# Abigail



## Adelea (Dec 20, 2015)

It's been a while since I posted some pictures - have taken a few of her over the past few days -- she is so much bigger now!

I popped out to the kitchen to get a drink, and on my return was greeted with this. No prizes for guessing which is my favourite chair!










This next one was taken 4 weeks ago. Cats find some very strange and unusual positions to sleep in. This does not look very comfortable to me:










And a few minutes later I was lucky enough to catch this one - she had started kicking with her back leg whilst asleep, and I guess had woken herself up. Not something it looks like she was expecting!










And this pair was taken just now of her lying out on the sofa next to my chair:


----------



## purpleball (Mar 11, 2011)

Abigail is a beautiful kitty. Kitties do like to sleep in uncomfortable positions.Thank you for these great pics.


----------



## spirite (Jul 31, 2012)

Abigail is beautiful - love the white on her chest and paws! 

How fitting that the first and last pic are of her sitting regally in your chair!


----------



## DebS (Jun 14, 2015)

Omg....she has grown into such a beauty! How old is she now?


----------



## Adelea (Dec 20, 2015)

She is almost 10 months old, and just tips the scales at 4kg (8.8lbs).

I think she is beautiful - but I am biased of course =)

The pictures dont capture it, but she really does have a very expressive face.


----------



## DebS (Jun 14, 2015)

Wow...Amelia is a year and three months and weighs 8.8 pounds. How big do you expect Abigail to get?


----------



## evince (Mar 9, 2015)

Oh my goodness, no you are not biased she is a beauty! I love the upside down kitty photo


----------



## Adelea (Dec 20, 2015)

Probably about half as much again! Her parents were both quite big too.

I can still feel her ribs when stroke her sides, so I dont think she is overfed. From between her ears to the base of her spine where her tail starts, she is a little over 51cm (a little bit less than 20")

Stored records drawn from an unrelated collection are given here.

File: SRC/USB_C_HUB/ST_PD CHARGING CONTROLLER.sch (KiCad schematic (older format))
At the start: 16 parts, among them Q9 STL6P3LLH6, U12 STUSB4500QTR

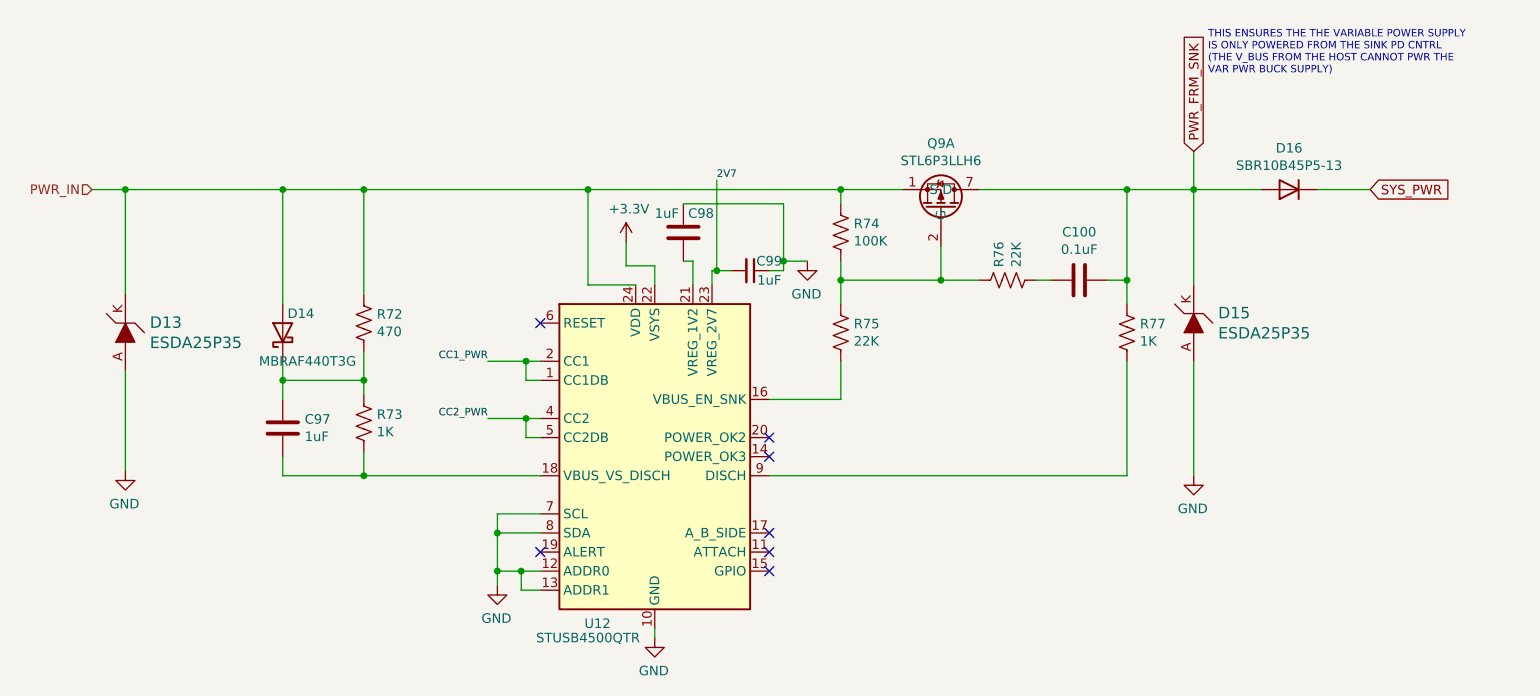
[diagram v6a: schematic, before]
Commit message: schematic capture complete. Pending Footprint assignment. accetable Errors=21
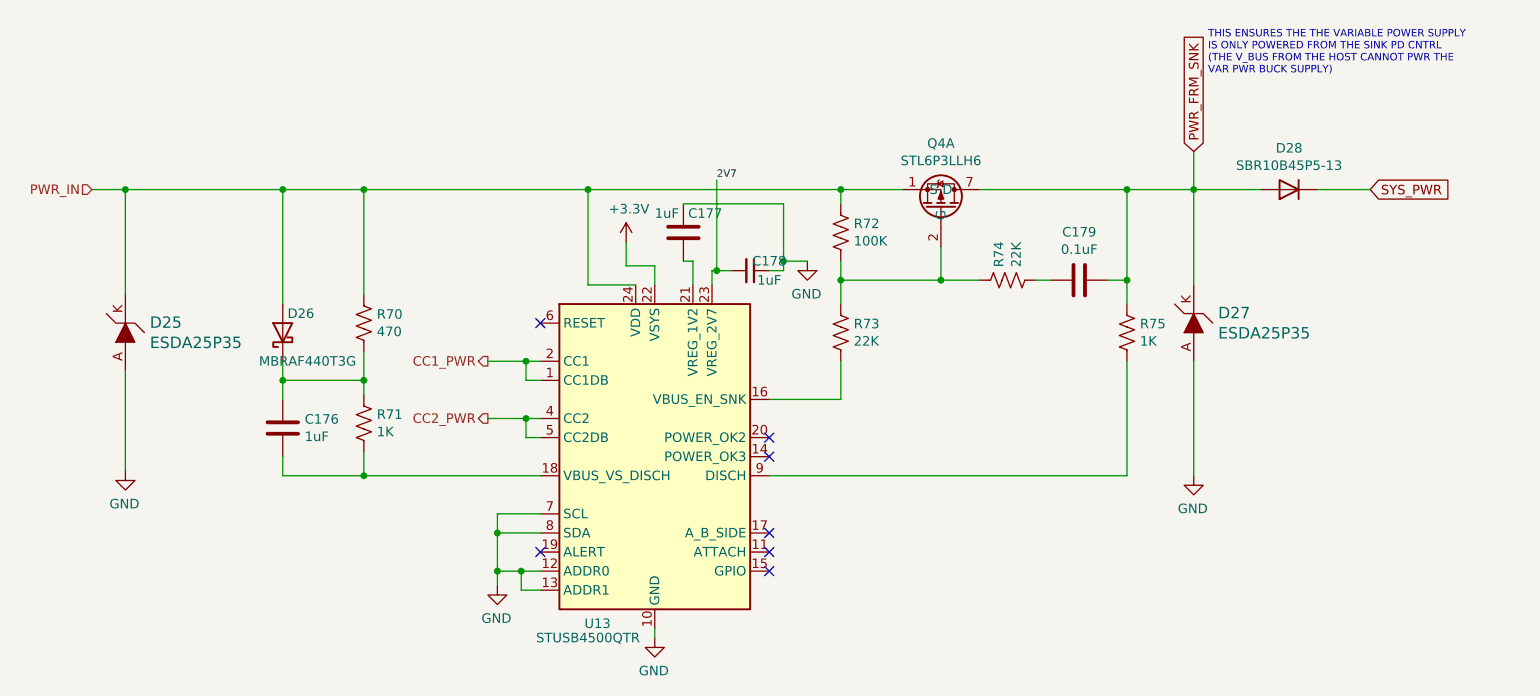
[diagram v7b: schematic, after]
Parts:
- renumbered C97 to C176, C98 to C177, C99 to C178, C100 to C179, D13 to D25, D14 to D26, D15 to D27, D16 to D28, Q9 to Q4, R72 to R70, R73 to R71, R74 to R72, R75 to R73, R76 to R74, R77 to R75, U12 to U13
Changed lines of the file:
@@
 $Descr A4 11693 8268
 encoding utf-8
-Sheet 8 15
+Sheet 13 15
 Title ""
 Date ""
@@
 P 2800 2275
 AR Path="/61DE3B32" Ref="R?"  Part="1"
-AR Path="/61DDBD9F/61DE3B32" Ref="R72"  Part="1"
-F 0 "R72" H 2868 2321 50  0000 L CNN
+AR Path="/61DDBD9F/61DE3B32" Ref="R70"  Part="1"
+F 0 "R70" H 2868 2321 50  0000 L CNN
 F 1 "470" H 2868 2230 50  0000 L CNN
 F 2 "" V 2840 2265 50  0001 C CNN
@@
 P 2375 2825
 AR Path="/61DE3B39" Ref="C?"  Part="1"
-AR Path="/61DDBD9F/61DE3B39" Ref="C97"  Part="1"
-F 0 "C97" H 2490 2871 50  0000 L CNN
+AR Path="/61DDBD9F/61DE3B39" Ref="C176"  Part="1"
+F 0 "C176" H 2490 2871 50  0000 L CNN
 F 1 "1uF" H 2490 2780 50  0000 L CNN
 F 2 "" H 2413 2675 50  0001 C CNN
@@
 P 2800 2800
 AR Path="/61DE3B3F" Ref="R?"  Part="1"
-AR Path="/61DDBD9F/61DE3B3F" Ref="R73"  Part="1"
-F 0 "R73" H 2868 2846 50  0000 L CNN
+AR Path="/61DDBD9F/61DE3B3F" Ref="R71"  Part="1"
+F 0 "R71" H 2868 2846 50  0000 L CNN
 F 1 "1K" H 2868 2755 50  0000 L CNN
 F 2 "" V 2840 2790 50  0001 C CNN
@@
 P 2375 2325
 AR Path="/61DE3B46" Ref="D?"  Part="1"
-AR Path="/61DDBD9F/61DE3B46" Ref="D14"  Part="1"
-F 0 "D14" V 2475 2300 50  0000 R CNN
+AR Path="/61DDBD9F/61DE3B46" Ref="D26"  Part="1"
+F 0 "D26" V 2475 2300 50  0000 R CNN
 F 1 "MBRAF440T3G" V 2225 2450 50  0000 R CNN
 F 2 "" H 2375 2325 50  0001 C CNN
@@
 P 4175 1850
 AR Path="/61DE3B5D" Ref="#PWR?"  Part="1"
-AR Path="/61DDBD9F/61DE3B5D" Ref="#PWR0194"  Part="1"
-F 0 "#PWR0194" H 4175 1700 50  0001 C CNN
+AR Path="/61DDBD9F/61DE3B5D" Ref="#PWR0167"  Part="1"
+F 0 "#PWR0167" H 4175 1700 50  0001 C CNN
 F 1 "+3.3V" H 4190 2023 50  0000 C CNN
 F 2 "" H 4175 1850 60  0000 C CNN
@@
 P 6075 1575
 AR Path="/61DE3B63" Ref="Q?"  Part="1"
-AR Path="/61DDBD9F/61DE3B63" Ref="Q9"  Part="1"
-F 0 "Q9" V 6317 1325 50  0000 C CNN
+AR Path="/61DDBD9F/61DE3B63" Ref="Q4"  Part="1"
+F 0 "Q4" V 6317 1325 50  0000 C CNN
 F 1 "STL6P3LLH6" V 6226 1325 50  0000 C CNN
 F 2 "" H 6075 1575 50  0001 C CNN
@@
 P 5300 1800
 AR Path="/61DE3B69" Ref="R?"  Part="1"
-AR Path="/61DDBD9F/61DE3B69" Ref="R74"  Part="1"
-F 0 "R74" H 5368 1846 50  0000 L CNN
+AR Path="/61DDBD9F/61DE3B69" Ref="R72"  Part="1"
+F 0 "R72" H 5368 1846 50  0000 L CNN
 F 1 "100K" H 5368 1755 50  0000 L CNN
 F 2 "" V 5340 1790 50  0001 C CNN
@@
 P 5300 2325
 AR Path="/61DE3B6F" Ref="R?"  Part="1"
-AR Path="/61DDBD9F/61DE3B6F" Ref="R75"  Part="1"
-F 0 "R75" H 5368 2371 50  0000 L CNN
+AR Path="/61DDBD9F/61DE3B6F" Ref="R73"  Part="1"
+F 0 "R73" H 5368 2371 50  0000 L CNN
 F 1 "22K" H 5368 2280 50  0000 L CNN
 F 2 "" V 5340 2315 50  0001 C CNN
@@
 P 6175 2050
 AR Path="/61DE3B7B" Ref="R?"  Part="1"
-AR Path="/61DDBD9F/61DE3B7B" Ref="R76"  Part="1"
-F 0 "R76" H 6243 2096 50  0000 L CNN
+AR Path="/61DDBD9F/61DE3B7B" Ref="R74"  Part="1"
+F 0 "R74" H 6243 2096 50  0000 L CNN
 F 1 "22K" H 6243 2005 50  0000 L CNN
 F 2 "" V 6215 2040 50  0001 C CNN
@@
 P 6550 2050
 AR Path="/61DE3B87" Ref="C?"  Part="1"
-AR Path="/61DDBD9F/61DE3B87" Ref="C100"  Part="1"
-F 0 "C100" V 6802 2050 50  0000 C CNN
+AR Path="/61DDBD9F/61DE3B87" Ref="C179"  Part="1"
+F 0 "C179" V 6802 2050 50  0000 C CNN
 F 1 "0.1uF" V 6711 2050 50  0000 C CNN
 F 2 "" H 6588 1900 50  0001 C CNN
@@
 AR Path="/619540C6/61DE3B8E" Ref="#PWR?"  Part="1"
 AR Path="/61DE3B8E" Ref="#PWR?"  Part="1"
-AR Path="/61DDBD9F/61DE3B8E" Ref="#PWR0195"  Part="1"
-F 0 "#PWR0195" H 4325 3675 50  0001 C CNN
+AR Path="/61DDBD9F/61DE3B8E" Ref="#PWR0168"  Part="1"
+F 0 "#PWR0168" H 4325 3675 50  0001 C CNN
 F 1 "GND" H 4330 3752 50  0000 C CNN
 F 2 "" H 4325 3925 60  0000 C CNN
@@
 AR Path="/619540C6/61DE3B95" Ref="#PWR?"  Part="1"
 AR Path="/61DE3B95" Ref="#PWR?"  Part="1"
-AR Path="/61DDBD9F/61DE3B95" Ref="#PWR0196"  Part="1"
-F 0 "#PWR0196" H 5125 1700 50  0001 C CNN
+AR Path="/61DDBD9F/61DE3B95" Ref="#PWR0169"  Part="1"
+F 0 "#PWR0169" H 5125 1700 50  0001 C CNN
 F 1 "GND" H 5130 1777 50  0000 C CNN
 F 2 "" H 5125 1950 60  0000 C CNN
@@
 P 4825 2000
 AR Path="/61DE3B9B" Ref="C?"  Part="1"
-AR Path="/61DDBD9F/61DE3B9B" Ref="C99"  Part="1"
-F 0 "C99" V 4775 2100 50  0000 C CNN
+AR Path="/61DDBD9F/61DE3B9B" Ref="C178"  Part="1"
+F 0 "C178" V 4775 2100 50  0000 C CNN
 F 1 "1uF" V 4875 2100 50  0000 C CNN
 F 2 "" H 4825 2000 50  0001 C CNN
@@
 P 6800 2325
 AR Path="/61DE3BA7" Ref="R?"  Part="1"
-AR Path="/61DDBD9F/61DE3BA7" Ref="R77"  Part="1"
-F 0 "R77" H 6868 2371 50  0000 L CNN
+AR Path="/61DDBD9F/61DE3BA7" Ref="R75"  Part="1"
+F 0 "R75" H 6868 2371 50  0000 L CNN
 F 1 "1K" H 6868 2280 50  0000 L CNN
 F 2 "" V 6840 2315 50  0001 C CNN
@@
 AR Path="/61C45066/61DE3BBC" Ref="D?"  Part="1"
 AR Path="/61DE3BBC" Ref="D?"  Part="1"
-AR Path="/61DDBD9F/61DE3BBC" Ref="D15"  Part="1"
-F 0 "D15" V 7203 2147 60  0000 R CNN
+AR Path="/61DDBD9F/61DE3BBC" Ref="D27"  Part="1"
+F 0 "D27" V 7203 2147 60  0000 R CNN
 F 1 "ESDA25P35" V 7097 2147 60  0000 R CNN
 F 2 "digikey-footprints:SOD-523" H 7350 2475 60  0001 L CNN
@@
 Wire Wire Line
 	4925 3075 6800 3075
-Text Label 3450 2475 2    39   ~ 0
-CC1_PWR
-Text Label 3450 2775 2    39   ~ 0
-CC2_PWR
 Wire Wire Line
 	3725 2475 3650 2475
@@
 AR Path="/619540C6/61DE3BD5" Ref="#PWR?"  Part="1"
 AR Path="/61DE3BD5" Ref="#PWR?"  Part="1"
-AR Path="/61DDBD9F/61DE3BD5" Ref="#PWR0197"  Part="1"
-F 0 "#PWR0197" H 3500 3400 50  0001 C CNN
+AR Path="/61DDBD9F/61DE3BD5" Ref="#PWR0166"  Part="1"
+F 0 "#PWR0166" H 3500 3400 50  0001 C CNN
 F 1 "GND" H 3505 3477 50  0000 C CNN
 F 2 "" H 3500 3650 60  0000 C CNN
@@
 P 4475 1800
 AR Path="/61DE3BE2" Ref="C?"  Part="1"
-AR Path="/61DDBD9F/61DE3BE2" Ref="C98"  Part="1"
-F 0 "C98" H 4500 1900 50  0000 L CNN
+AR Path="/61DDBD9F/61DE3BE2" Ref="C177"  Part="1"
+F 0 "C177" H 4500 1900 50  0000 L CNN
 F 1 "1uF" H 4325 1900 50  0000 L CNN
 F 2 "" H 4513 1650 50  0001 C CNN
@@
 P 4325 2975
 AR Path="/61DE3BF7" Ref="U?"  Part="1"
-AR Path="/61DDBD9F/61DE3BF7" Ref="U12"  Part="1"
-F 0 "U12" H 4025 2100 50  0000 C CNN
+AR Path="/61DDBD9F/61DE3BF7" Ref="U13"  Part="1"
+F 0 "U13" H 4025 2100 50  0000 C CNN
 F 1 "STUSB4500QTR" H 3975 2025 50  0000 C CNN
 F 2 "Package_DFN_QFN:QFN-24-1EP_4x4mm_P0.5mm_EP2.7x2.7mm" H 4325 2975 50  0001 C CNN
@@
 Connection ~ 7150 1575
 $Comp
-L Device:D D16
+L Device:D D28
 U 1 1 61E1CE99
 P 7650 1575
-F 0 "D16" H 7650 1358 50  0000 C CNN
+F 0 "D28" H 7650 1358 50  0000 C CNN
 F 1 "SBR10B45P5-13" H 7650 1449 50  0000 C CNN
 F 2 "" H 7650 1575 50  0001 C CNN
@@
 AR Path="/61C45066/61F50F14" Ref="D?"  Part="1"
 AR Path="/61F50F14" Ref="D?"  Part="1"
-AR Path="/61DDBD9F/61F50F14" Ref="D13"  Part="1"
-F 0 "D13" V 1603 2197 60  0000 R CNN
+AR Path="/61DDBD9F/61F50F14" Ref="D25"  Part="1"
+F 0 "D25" V 1603 2197 60  0000 R CNN
 F 1 "ESDA25P35" V 1497 2197 60  0000 R CNN
 F 2 "digikey-footprints:SOD-523" H 1750 2525 60  0001 L CNN
@@
 AR Path="/619540C6/61F58B30" Ref="#PWR?"  Part="1"
 AR Path="/61F58B30" Ref="#PWR?"  Part="1"
-AR Path="/61DDBD9F/61F58B30" Ref="#PWR0198"  Part="1"
-F 0 "#PWR0198" H 7150 2825 50  0001 C CNN
+AR Path="/61DDBD9F/61F58B30" Ref="#PWR0170"  Part="1"
+F 0 "#PWR0170" H 7150 2825 50  0001 C CNN
 F 1 "GND" H 7155 2902 50  0000 C CNN
 F 2 "" H 7150 3075 60  0000 C CNN
@@
 AR Path="/619540C6/61F5A776" Ref="#PWR?"  Part="1"
 AR Path="/61F5A776" Ref="#PWR?"  Part="1"
-AR Path="/61DDBD9F/61F5A776" Ref="#PWR0199"  Part="1"
-F 0 "#PWR0199" H 1550 2800 50  0001 C CNN
+AR Path="/61DDBD9F/61F5A776" Ref="#PWR0165"  Part="1"
+F 0 "#PWR0165" H 1550 2800 50  0001 C CNN
 F 1 "GND" H 1555 2877 50  0000 C CNN
 F 2 "" H 1550 3050 60  0000 C CNN
@@
 Text Notes 7225 975  0    39   ~ 0
 THIS ENSURES THE THE VARIABLE POWER SUPPLY\nIS ONLY POWERED FROM THE SINK PD CNTRL\n(THE V_BUS FROM THE HOST CANNOT PWR THE\nVAR PWR BUCK SUPPLY)
+Text HLabel 3450 2475 0    50   Output ~ 0
+CC1_PWR
+Text HLabel 3450 2775 0    50   Output ~ 0
+CC2_PWR
 $EndSCHEMATC

She is a Norwegian Forest Cat, and they grow big - maybe not quite Maine **** size, but not far off.

She wont be fully grown until she is 5 years old or so.


----------



## Adelea (Dec 20, 2015)

She is such a lady - she doesnt often lie on her back in such an undignified way - was glad I had my phone to hand to quickly take a snapshot!










Turns out she has quite a lot of white fur - but its all on her underside!


----------



## DebS (Jun 14, 2015)

She really is a beauty! Just look at her sweet face and white belly!


----------



## ndiniz (Jun 29, 2009)

She must be a very sweet cat!!!! Never met a Norwegian Forest Cat, but I heard that they do have a really wonderful personality!!!!!!!


----------



## bluemilk (Oct 3, 2005)

DebS said:


> She really is a beauty! Just look at her sweet face and white belly!


Yeah, and that floofy tail! :luv


----------



## Adelea (Dec 20, 2015)

She is very sweet yes. Very friendly. She shows a lot of typical NFC characteristics. She absolutely must be in the same room as me (unless she is out in the garden).

She comes up to me every hour or so, and chirps at me until I scratch her head/ears/chin.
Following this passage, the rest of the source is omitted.